-- Required action --
Below are some records; output exactly the lines from the line with "#167=VERTEX_POINT('',#166);" to the line with "#207=CARTESIAN_POINT('',(-33.15,-24.1,7.3));", both ends kept, and nothing more.

##### Data supplied

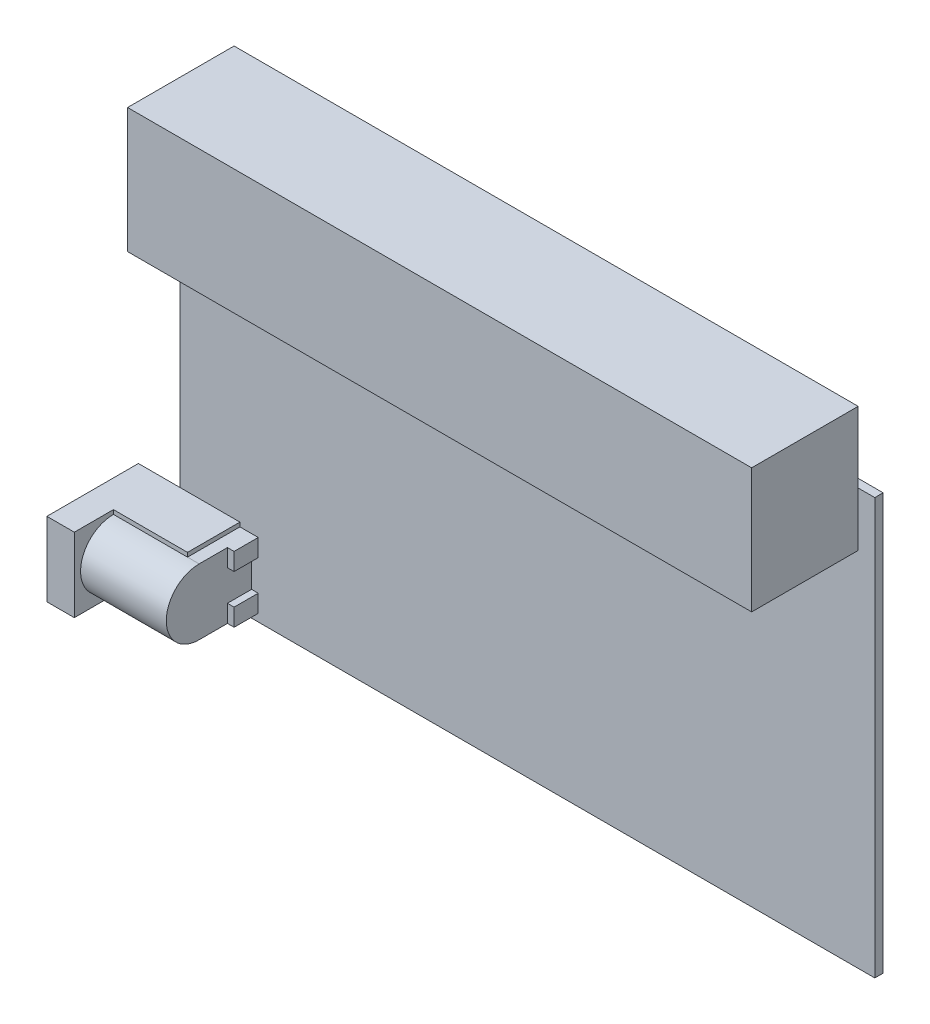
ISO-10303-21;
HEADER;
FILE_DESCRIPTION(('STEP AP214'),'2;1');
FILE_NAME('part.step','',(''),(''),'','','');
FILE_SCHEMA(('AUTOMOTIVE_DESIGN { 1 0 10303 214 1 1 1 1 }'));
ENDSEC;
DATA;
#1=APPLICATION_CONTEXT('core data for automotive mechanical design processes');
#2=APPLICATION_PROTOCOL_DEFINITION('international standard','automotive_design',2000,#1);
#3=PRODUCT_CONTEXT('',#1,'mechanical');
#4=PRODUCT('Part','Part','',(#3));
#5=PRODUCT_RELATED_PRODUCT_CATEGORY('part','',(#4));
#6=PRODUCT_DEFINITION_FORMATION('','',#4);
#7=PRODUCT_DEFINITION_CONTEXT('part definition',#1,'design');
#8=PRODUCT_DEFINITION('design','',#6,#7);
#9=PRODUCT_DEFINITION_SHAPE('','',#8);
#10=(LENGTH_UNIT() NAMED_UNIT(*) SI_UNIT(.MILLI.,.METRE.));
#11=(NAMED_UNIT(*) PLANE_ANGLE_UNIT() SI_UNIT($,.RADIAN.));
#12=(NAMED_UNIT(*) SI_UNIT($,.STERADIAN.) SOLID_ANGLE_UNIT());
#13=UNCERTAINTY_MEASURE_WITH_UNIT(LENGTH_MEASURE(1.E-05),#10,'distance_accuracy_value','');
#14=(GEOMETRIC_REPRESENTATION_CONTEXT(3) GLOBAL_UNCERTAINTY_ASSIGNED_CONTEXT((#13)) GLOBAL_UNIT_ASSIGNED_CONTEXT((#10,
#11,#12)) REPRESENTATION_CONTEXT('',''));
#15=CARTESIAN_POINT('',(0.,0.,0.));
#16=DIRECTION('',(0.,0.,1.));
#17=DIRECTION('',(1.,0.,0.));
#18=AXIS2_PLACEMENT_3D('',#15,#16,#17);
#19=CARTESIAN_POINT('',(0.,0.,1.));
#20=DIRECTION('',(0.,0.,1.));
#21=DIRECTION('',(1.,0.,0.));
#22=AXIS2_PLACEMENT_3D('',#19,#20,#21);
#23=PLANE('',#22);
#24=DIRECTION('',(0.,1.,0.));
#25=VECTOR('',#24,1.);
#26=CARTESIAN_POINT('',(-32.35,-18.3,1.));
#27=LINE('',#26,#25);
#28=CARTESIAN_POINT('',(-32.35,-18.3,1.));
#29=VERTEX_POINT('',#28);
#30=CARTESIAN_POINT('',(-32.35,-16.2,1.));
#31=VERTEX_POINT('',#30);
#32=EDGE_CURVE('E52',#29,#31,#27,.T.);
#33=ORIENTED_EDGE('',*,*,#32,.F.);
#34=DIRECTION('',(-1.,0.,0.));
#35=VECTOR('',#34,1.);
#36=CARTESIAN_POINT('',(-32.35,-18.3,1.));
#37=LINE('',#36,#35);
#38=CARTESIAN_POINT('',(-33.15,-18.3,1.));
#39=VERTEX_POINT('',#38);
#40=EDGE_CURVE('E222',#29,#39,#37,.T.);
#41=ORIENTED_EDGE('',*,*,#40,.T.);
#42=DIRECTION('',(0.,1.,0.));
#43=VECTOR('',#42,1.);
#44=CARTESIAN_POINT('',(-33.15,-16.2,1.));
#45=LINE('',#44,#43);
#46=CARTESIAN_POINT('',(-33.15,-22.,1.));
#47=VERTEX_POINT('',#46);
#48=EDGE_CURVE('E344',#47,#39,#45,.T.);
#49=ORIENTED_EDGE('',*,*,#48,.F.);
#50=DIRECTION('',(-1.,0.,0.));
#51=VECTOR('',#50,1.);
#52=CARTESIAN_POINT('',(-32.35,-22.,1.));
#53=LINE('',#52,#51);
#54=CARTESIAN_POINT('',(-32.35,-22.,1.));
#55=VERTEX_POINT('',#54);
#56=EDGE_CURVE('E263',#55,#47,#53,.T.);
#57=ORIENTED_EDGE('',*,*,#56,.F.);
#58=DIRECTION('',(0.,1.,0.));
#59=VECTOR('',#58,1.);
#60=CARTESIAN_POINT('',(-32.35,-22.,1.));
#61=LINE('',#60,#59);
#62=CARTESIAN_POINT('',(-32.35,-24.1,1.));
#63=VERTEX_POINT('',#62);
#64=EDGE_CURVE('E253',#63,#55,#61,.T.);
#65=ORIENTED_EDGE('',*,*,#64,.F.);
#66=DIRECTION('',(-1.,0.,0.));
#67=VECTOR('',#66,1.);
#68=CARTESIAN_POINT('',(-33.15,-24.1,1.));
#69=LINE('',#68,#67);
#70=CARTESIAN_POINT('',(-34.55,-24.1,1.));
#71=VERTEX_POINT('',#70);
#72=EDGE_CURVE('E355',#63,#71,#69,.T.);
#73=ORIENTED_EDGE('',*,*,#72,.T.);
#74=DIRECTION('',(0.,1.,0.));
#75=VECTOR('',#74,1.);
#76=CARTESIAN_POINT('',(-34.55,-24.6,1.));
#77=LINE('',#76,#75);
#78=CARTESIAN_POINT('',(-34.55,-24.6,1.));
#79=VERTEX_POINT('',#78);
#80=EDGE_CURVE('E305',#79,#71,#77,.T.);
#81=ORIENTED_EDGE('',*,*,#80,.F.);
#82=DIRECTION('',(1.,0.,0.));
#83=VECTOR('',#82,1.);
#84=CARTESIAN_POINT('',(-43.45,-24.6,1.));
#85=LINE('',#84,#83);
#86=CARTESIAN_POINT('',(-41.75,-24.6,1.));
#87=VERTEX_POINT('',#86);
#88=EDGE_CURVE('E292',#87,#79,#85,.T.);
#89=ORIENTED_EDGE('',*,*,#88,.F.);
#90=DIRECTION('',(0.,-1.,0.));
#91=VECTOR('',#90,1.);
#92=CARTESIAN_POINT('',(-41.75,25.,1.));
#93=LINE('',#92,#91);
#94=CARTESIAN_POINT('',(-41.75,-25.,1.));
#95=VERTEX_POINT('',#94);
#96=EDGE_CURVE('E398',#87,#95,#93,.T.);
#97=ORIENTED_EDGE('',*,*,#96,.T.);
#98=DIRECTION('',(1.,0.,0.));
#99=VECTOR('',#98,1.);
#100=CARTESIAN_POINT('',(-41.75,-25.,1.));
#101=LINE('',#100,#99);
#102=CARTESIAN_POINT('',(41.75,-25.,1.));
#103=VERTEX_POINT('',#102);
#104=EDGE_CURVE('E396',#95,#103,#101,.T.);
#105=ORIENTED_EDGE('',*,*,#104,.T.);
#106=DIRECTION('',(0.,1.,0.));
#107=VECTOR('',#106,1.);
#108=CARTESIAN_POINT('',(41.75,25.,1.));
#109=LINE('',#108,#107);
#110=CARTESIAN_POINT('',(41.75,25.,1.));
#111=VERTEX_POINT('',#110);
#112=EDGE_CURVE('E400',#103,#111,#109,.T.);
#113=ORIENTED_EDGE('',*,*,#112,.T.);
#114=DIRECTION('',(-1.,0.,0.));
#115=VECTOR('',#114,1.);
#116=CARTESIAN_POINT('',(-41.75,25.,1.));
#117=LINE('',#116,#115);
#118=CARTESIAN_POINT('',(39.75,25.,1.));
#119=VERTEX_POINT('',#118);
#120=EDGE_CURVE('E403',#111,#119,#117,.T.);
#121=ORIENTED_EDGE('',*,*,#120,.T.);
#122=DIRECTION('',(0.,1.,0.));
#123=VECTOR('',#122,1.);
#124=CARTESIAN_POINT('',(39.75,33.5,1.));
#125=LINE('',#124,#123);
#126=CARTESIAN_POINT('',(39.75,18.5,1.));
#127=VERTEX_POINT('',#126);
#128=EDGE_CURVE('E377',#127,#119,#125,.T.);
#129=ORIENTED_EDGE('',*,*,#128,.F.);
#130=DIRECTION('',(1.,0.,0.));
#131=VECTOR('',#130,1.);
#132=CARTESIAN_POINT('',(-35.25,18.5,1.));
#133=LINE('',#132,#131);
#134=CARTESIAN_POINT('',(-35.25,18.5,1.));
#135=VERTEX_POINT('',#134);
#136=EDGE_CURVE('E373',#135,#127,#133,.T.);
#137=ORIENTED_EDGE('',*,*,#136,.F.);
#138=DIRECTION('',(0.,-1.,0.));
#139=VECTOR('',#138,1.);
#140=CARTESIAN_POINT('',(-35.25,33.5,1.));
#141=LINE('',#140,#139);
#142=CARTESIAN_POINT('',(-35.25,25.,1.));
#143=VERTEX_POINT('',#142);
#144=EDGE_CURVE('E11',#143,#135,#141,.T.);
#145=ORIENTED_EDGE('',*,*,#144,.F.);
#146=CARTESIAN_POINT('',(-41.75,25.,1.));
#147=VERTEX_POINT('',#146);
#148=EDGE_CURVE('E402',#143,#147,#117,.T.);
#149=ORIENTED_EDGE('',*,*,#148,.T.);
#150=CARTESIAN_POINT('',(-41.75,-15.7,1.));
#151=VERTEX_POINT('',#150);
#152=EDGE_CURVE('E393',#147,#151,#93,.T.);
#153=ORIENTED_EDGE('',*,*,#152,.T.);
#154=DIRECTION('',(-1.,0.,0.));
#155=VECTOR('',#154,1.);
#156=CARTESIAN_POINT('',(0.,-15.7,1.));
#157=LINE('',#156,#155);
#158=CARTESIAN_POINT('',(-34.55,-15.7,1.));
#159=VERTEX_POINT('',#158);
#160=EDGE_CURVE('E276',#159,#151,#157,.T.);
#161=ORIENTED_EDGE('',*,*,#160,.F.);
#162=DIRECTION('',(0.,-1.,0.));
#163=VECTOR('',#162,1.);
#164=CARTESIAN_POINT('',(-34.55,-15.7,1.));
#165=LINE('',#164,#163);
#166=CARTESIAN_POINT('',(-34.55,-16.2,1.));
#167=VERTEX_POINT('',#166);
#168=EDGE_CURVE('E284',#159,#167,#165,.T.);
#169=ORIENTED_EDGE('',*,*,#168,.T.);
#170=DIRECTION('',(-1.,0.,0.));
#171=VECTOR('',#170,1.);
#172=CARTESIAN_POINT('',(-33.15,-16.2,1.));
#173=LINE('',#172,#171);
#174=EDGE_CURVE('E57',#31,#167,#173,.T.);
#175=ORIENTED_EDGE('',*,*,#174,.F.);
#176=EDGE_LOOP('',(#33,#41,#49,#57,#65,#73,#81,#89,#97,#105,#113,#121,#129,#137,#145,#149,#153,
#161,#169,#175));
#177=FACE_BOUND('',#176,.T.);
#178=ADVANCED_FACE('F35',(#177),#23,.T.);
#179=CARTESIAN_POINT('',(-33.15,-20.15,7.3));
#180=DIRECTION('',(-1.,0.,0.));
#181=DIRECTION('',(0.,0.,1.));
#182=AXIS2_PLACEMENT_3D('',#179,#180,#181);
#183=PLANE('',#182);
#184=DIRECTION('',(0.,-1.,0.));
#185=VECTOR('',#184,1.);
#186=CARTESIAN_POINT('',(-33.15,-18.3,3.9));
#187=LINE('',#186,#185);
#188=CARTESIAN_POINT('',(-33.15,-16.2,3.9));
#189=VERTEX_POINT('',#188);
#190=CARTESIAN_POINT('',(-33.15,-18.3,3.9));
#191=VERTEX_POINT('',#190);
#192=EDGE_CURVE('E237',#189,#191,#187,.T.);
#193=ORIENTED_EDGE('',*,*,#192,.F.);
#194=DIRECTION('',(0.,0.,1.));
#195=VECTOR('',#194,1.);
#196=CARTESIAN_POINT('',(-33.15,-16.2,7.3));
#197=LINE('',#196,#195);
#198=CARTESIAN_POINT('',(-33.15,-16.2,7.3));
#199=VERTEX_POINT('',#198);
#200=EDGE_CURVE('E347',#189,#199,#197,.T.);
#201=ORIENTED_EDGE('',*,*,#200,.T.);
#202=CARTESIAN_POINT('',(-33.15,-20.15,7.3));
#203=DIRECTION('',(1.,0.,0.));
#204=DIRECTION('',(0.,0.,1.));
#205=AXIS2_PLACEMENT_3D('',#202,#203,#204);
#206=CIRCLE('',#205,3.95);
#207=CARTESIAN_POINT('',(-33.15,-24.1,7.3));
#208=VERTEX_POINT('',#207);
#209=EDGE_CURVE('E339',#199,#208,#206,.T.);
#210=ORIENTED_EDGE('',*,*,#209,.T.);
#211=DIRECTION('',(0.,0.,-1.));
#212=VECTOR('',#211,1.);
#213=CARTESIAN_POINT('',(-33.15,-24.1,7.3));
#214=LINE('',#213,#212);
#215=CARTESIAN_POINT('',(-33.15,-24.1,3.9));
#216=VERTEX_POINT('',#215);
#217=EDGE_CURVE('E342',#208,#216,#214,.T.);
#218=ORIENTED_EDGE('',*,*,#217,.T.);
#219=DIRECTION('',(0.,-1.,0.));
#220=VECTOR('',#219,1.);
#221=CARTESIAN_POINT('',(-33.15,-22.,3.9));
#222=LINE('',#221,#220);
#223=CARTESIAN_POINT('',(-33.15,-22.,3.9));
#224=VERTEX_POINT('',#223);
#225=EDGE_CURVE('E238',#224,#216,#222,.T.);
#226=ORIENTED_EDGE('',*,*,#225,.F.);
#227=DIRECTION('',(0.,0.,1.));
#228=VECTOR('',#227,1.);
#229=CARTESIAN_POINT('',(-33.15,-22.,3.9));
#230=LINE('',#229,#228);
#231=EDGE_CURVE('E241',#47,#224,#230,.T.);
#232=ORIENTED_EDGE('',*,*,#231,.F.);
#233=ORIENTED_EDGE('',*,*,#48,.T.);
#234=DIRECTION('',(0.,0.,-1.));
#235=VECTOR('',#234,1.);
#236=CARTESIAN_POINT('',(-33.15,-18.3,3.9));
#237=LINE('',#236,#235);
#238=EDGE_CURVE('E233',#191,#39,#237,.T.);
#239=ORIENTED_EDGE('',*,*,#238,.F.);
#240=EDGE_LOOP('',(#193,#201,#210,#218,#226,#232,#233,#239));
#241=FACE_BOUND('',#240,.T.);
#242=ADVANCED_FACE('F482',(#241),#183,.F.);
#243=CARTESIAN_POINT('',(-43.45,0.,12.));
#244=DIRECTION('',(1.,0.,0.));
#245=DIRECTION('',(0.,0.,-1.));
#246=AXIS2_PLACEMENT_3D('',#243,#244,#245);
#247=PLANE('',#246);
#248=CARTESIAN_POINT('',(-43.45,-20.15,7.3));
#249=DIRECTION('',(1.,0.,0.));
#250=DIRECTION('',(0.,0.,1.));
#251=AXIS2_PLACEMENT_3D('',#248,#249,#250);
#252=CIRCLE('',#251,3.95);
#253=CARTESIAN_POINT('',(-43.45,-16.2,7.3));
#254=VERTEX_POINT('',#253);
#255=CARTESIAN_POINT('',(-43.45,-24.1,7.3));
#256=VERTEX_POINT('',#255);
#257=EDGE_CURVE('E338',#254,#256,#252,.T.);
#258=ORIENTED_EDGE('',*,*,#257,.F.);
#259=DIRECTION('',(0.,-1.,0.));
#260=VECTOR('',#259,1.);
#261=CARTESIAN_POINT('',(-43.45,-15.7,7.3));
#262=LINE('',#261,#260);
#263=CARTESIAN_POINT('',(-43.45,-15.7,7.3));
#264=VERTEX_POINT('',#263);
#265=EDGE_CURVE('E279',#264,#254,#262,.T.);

##########

-- Result of this exercise --
#167=VERTEX_POINT('',#166);
#168=EDGE_CURVE('E284',#159,#167,#165,.T.);
#169=ORIENTED_EDGE('',*,*,#168,.T.);
#170=DIRECTION('',(-1.,0.,0.));
#171=VECTOR('',#170,1.);
#172=CARTESIAN_POINT('',(-33.15,-16.2,1.));
#173=LINE('',#172,#171);
#174=EDGE_CURVE('E57',#31,#167,#173,.T.);
#175=ORIENTED_EDGE('',*,*,#174,.F.);
#176=EDGE_LOOP('',(#33,#41,#49,#57,#65,#73,#81,#89,#97,#105,#113,#121,#129,#137,#145,#149,#153,
#161,#169,#175));
#177=FACE_BOUND('',#176,.T.);
#178=ADVANCED_FACE('F35',(#177),#23,.T.);
#179=CARTESIAN_POINT('',(-33.15,-20.15,7.3));
#180=DIRECTION('',(-1.,0.,0.));
#181=DIRECTION('',(0.,0.,1.));
#182=AXIS2_PLACEMENT_3D('',#179,#180,#181);
#183=PLANE('',#182);
#184=DIRECTION('',(0.,-1.,0.));
#185=VECTOR('',#184,1.);
#186=CARTESIAN_POINT('',(-33.15,-18.3,3.9));
#187=LINE('',#186,#185);
#188=CARTESIAN_POINT('',(-33.15,-16.2,3.9));
#189=VERTEX_POINT('',#188);
#190=CARTESIAN_POINT('',(-33.15,-18.3,3.9));
#191=VERTEX_POINT('',#190);
#192=EDGE_CURVE('E237',#189,#191,#187,.T.);
#193=ORIENTED_EDGE('',*,*,#192,.F.);
#194=DIRECTION('',(0.,0.,1.));
#195=VECTOR('',#194,1.);
#196=CARTESIAN_POINT('',(-33.15,-16.2,7.3));
#197=LINE('',#196,#195);
#198=CARTESIAN_POINT('',(-33.15,-16.2,7.3));
#199=VERTEX_POINT('',#198);
#200=EDGE_CURVE('E347',#189,#199,#197,.T.);
#201=ORIENTED_EDGE('',*,*,#200,.T.);
#202=CARTESIAN_POINT('',(-33.15,-20.15,7.3));
#203=DIRECTION('',(1.,0.,0.));
#204=DIRECTION('',(0.,0.,1.));
#205=AXIS2_PLACEMENT_3D('',#202,#203,#204);
#206=CIRCLE('',#205,3.95);
#207=CARTESIAN_POINT('',(-33.15,-24.1,7.3));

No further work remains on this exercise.